64 kbit/s Test has started!

Reply #81
Quote
Originally posted by 2Bdecided
Can I echo two points:

1. If there's any doubt (and it appears, surprisingly, that there is), people must ABX before being allowed to grade less than 5.

(ff123: having ABXd correctly, can we have an indication of which one we're supposed to be grading on the main page - otherwise you have to listen carefully to both again! OK, maybe that's a good further test of our ability to hear a difference, but after ABX it's a waste of time.)


I dont completely agree with this:
If you abx a sample, you know how a sounds, how b sounds, and then you have to decide if you hear a or b.
With the ABC/HR, you just know how the original sounds!, and then you have to identify which of the two candidates it is.

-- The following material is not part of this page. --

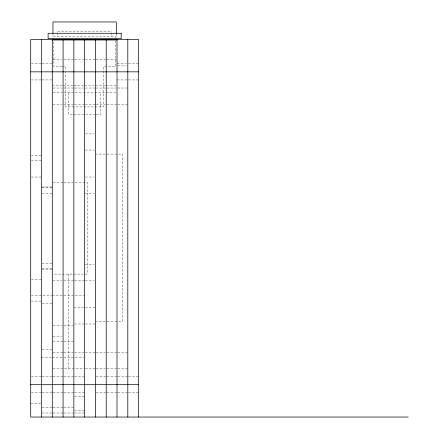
<?xml version="1.0" encoding="UTF-8"?>
<svg xmlns="http://www.w3.org/2000/svg" width="439" height="439" viewBox="0 0 439 439"><rect width="100%" height="100%" fill="white"/><g stroke="black" fill="none" stroke-linecap="round" stroke-linejoin="round"><path stroke-width="0.33" stroke-dasharray="2.19 1.65" d="M57.685 31.389L111.621 31.389M52.965 59.605L61.729 59.605M63.754 59.605L73.867 59.605M74.542 59.605L83.981 59.605M85.325 59.605L95.439 59.605M96.114 59.605L106.227 59.605M106.902 59.605L116.34 59.605M31.389 63.754L41.502 63.754M42.177 63.754L52.29 63.754M117.015 63.754L126.454 63.754M128.479 63.754L138.592 63.754M117.69 65.872L126.454 65.872M62.108 66.448L53.64 66.448L53.64 40.827M62.722 66.448L65.773 66.448L65.773 70.564M31.389 79.936L41.502 79.936M42.177 79.936L52.29 79.936M117.015 79.936L127.804 79.936M128.479 79.936L138.592 79.936M52.29 85.325L61.729 85.325M63.079 85.325L73.192 85.325M73.867 85.325L83.981 85.325M84.656 85.325L94.094 85.325M95.439 85.325L105.552 85.325M106.227 85.325L116.34 85.325M52.965 88.025L61.729 88.025M63.754 88.025L73.867 88.025M74.542 88.025L83.981 88.025M85.325 88.025L95.439 88.025M96.114 88.025L105.552 88.025M106.902 88.025L116.34 88.025M117.69 88.025L127.804 88.025M52.965 92.607L61.943 92.607M63.88 92.607L116.34 92.607M52.965 104.208L61.729 104.208M63.754 104.208L73.192 104.208M74.542 104.208L83.981 104.208M85.325 104.208L95.439 104.208M96.114 104.208L105.552 104.208M106.902 104.208L116.34 104.208M117.69 104.208L127.804 104.208M95.428 114.184L68.473 114.184L68.473 92.607M96.097 114.184L100.833 114.184L100.833 92.607M85.325 133.873L94.094 133.873M85.325 150.056L94.094 150.056M95.439 154.1L122.41 154.1L122.41 321.31L95.439 321.31M31.389 155.45L41.502 155.45M31.389 160.844L41.502 160.844M31.389 177.021L41.502 177.021M85.325 177.021L94.094 177.021M52.965 182.415L63.079 182.415M63.754 182.415L87.35 182.415L87.35 274.112L52.29 274.112M42.177 187.003L52.29 187.003M42.177 187.81L52.29 187.81M42.177 193.204L52.29 193.204M85.325 193.204L94.094 193.204M42.177 263.323L52.29 263.323M85.325 264.673L94.094 264.673M42.177 268.717L52.29 268.717M42.177 269.53L52.29 269.53M31.389 279.506L41.502 279.506M52.965 280.856L61.729 280.856M63.754 280.856L73.867 280.856M74.542 280.856L84.656 280.856M85.325 280.856L94.094 280.856M31.389 295.688L51.615 295.688M52.29 295.688L84.656 295.688M31.389 301.083L41.502 301.083M42.177 303.777L52.29 303.777M73.867 307.827L83.981 307.827M85.325 307.827L95.439 307.827M74.542 324.004L83.981 324.004M85.325 324.004L95.439 324.004M52.965 325.354L61.729 325.354M63.754 325.354L73.192 325.354M52.965 336.142L61.729 336.142M52.965 341.537L63.079 341.537M63.754 341.537L73.867 341.537M42.177 349.625L52.29 349.625M52.965 352.325L63.079 352.325M63.754 352.325L73.192 352.325M74.542 352.325L83.981 352.325M85.325 352.325L95.439 352.325M96.114 352.325L105.552 352.325M106.902 352.325L116.34 352.325M117.69 352.325L127.804 352.325M41.502 357.719L51.615 357.719M52.29 357.719L83.981 357.719M52.965 368.508L83.981 368.508M85.325 368.508L95.439 368.508M96.114 368.508L105.552 368.508M106.902 368.508L116.34 368.508M117.69 368.508L127.804 368.508M31.389 376.596L41.502 376.596M42.177 376.596L52.29 376.596M52.965 376.596L63.079 376.596M63.754 376.596L73.867 376.596M74.542 376.596L84.656 376.596M96.114 376.596L106.227 376.596M106.902 376.596L117.015 376.596M117.69 376.596L127.804 376.596M128.479 376.596L138.592 376.596M31.389 392.779L41.502 392.779M42.177 392.779L52.29 392.779M52.965 392.779L63.079 392.779M63.754 392.779L73.867 392.779M74.542 392.779L84.656 392.779M96.114 392.779L106.227 392.779M106.902 392.779L117.015 392.779M117.69 392.779L127.804 392.779M128.479 392.779L138.592 392.779M74.542 396.823L84.656 396.823M30.714 403.567L40.827 403.567M42.177 407.611L52.29 407.611M52.965 407.611L63.079 407.611M63.754 407.611L73.867 407.611M74.542 410.306L84.656 410.306M42.177 413.006L52.29 413.006M52.965 413.006L63.079 413.006M63.754 413.006L73.867 413.006M74.542 413.006L84.656 413.006M116.34 33.951L116.34 37.995M115.666 38.133L115.666 36.783L53.64 36.783L53.64 38.133M115.666 40.827L115.666 66.448L103.533 66.448L103.533 106.902L65.773 106.902L65.773 71.25M111.621 32.738L111.621 36.783M68.473 274.112L68.473 368.508M57.685 32.738L57.685 36.783M52.965 33.951L52.965 37.995"/><path stroke-width="0.66" d="M52.29 39.987L117.015 39.987M30.714 71.842L138.592 71.842M30.714 384.685L138.592 384.685M408.286 417.05L30.714 417.05L30.714 39.483L138.592 39.483L138.592 417.05M127.804 39.483L127.804 417.05M117.015 39.483L117.015 417.05M116.34 33.276L116.34 21.95L52.965 21.95L52.965 33.276M106.227 39.987L106.227 417.05M95.439 39.987L95.439 417.05M84.656 39.987L84.656 417.05M73.867 39.987L73.867 417.05M63.079 39.987L63.079 417.05M52.29 39.483L52.29 417.05M41.502 39.483L41.502 417.05M121.191 33.276L48.114 33.276L48.114 38.67L121.191 38.67L121.191 33.276"/></g></svg>

For this reason, I would say that it is more difficult to find the correct one in an ABCHR than in an ABX, and letting the program tell you which is which, is cheating.


Quote
Originally posted by 2Bdecided


Some people talk about "vague differences, impressions and feelings" and it's pure placeabo. Others talk about the same things, and it's just because they've not learnt to spot and recognise the artefact(s) that are giving them that impression. However, the perceived difference is real. I believe that, to prevent contamination of the results from the first group (placeabo), we must require the second group to learn the skill and patience to ABX. Because, when all you have is a 20 second sample, then if it creates a different impression due to an audible difference, then you will be able to ABX it. Eventually.


if you ABX one sample, you are supposed to know which is the difference between the original and the lossy sample. If you know it, the ABCHR test should be so easy for you.
If you can't ABX, but you feel you hear a difference,  it shows that
a) your equipment doesn't let you distinguish it correctly after different retries
b) you're tired
c) you don't pay enough attention
d) there's something in the sample that disturbs you and makes you fail.
There is a sample in this test where I confused the original with the lossy one some times, because there was already some sort rough sound that was more accentuated in the lossy one. I was only sure which was X when hearing to the lossy one. With the original, I was not sure and failed to identify it sometimes. This doesn't happen with ABCHR.

e) ok... if you want, I can add placebo too.

64 kbit/s Test has started!

Reply #82
There are enough results at this point for each sample that I could close the test right now.  But if there are people who would still like to submit results, send them in, and I'll accept them for another day.  Thanks to everybody who participated.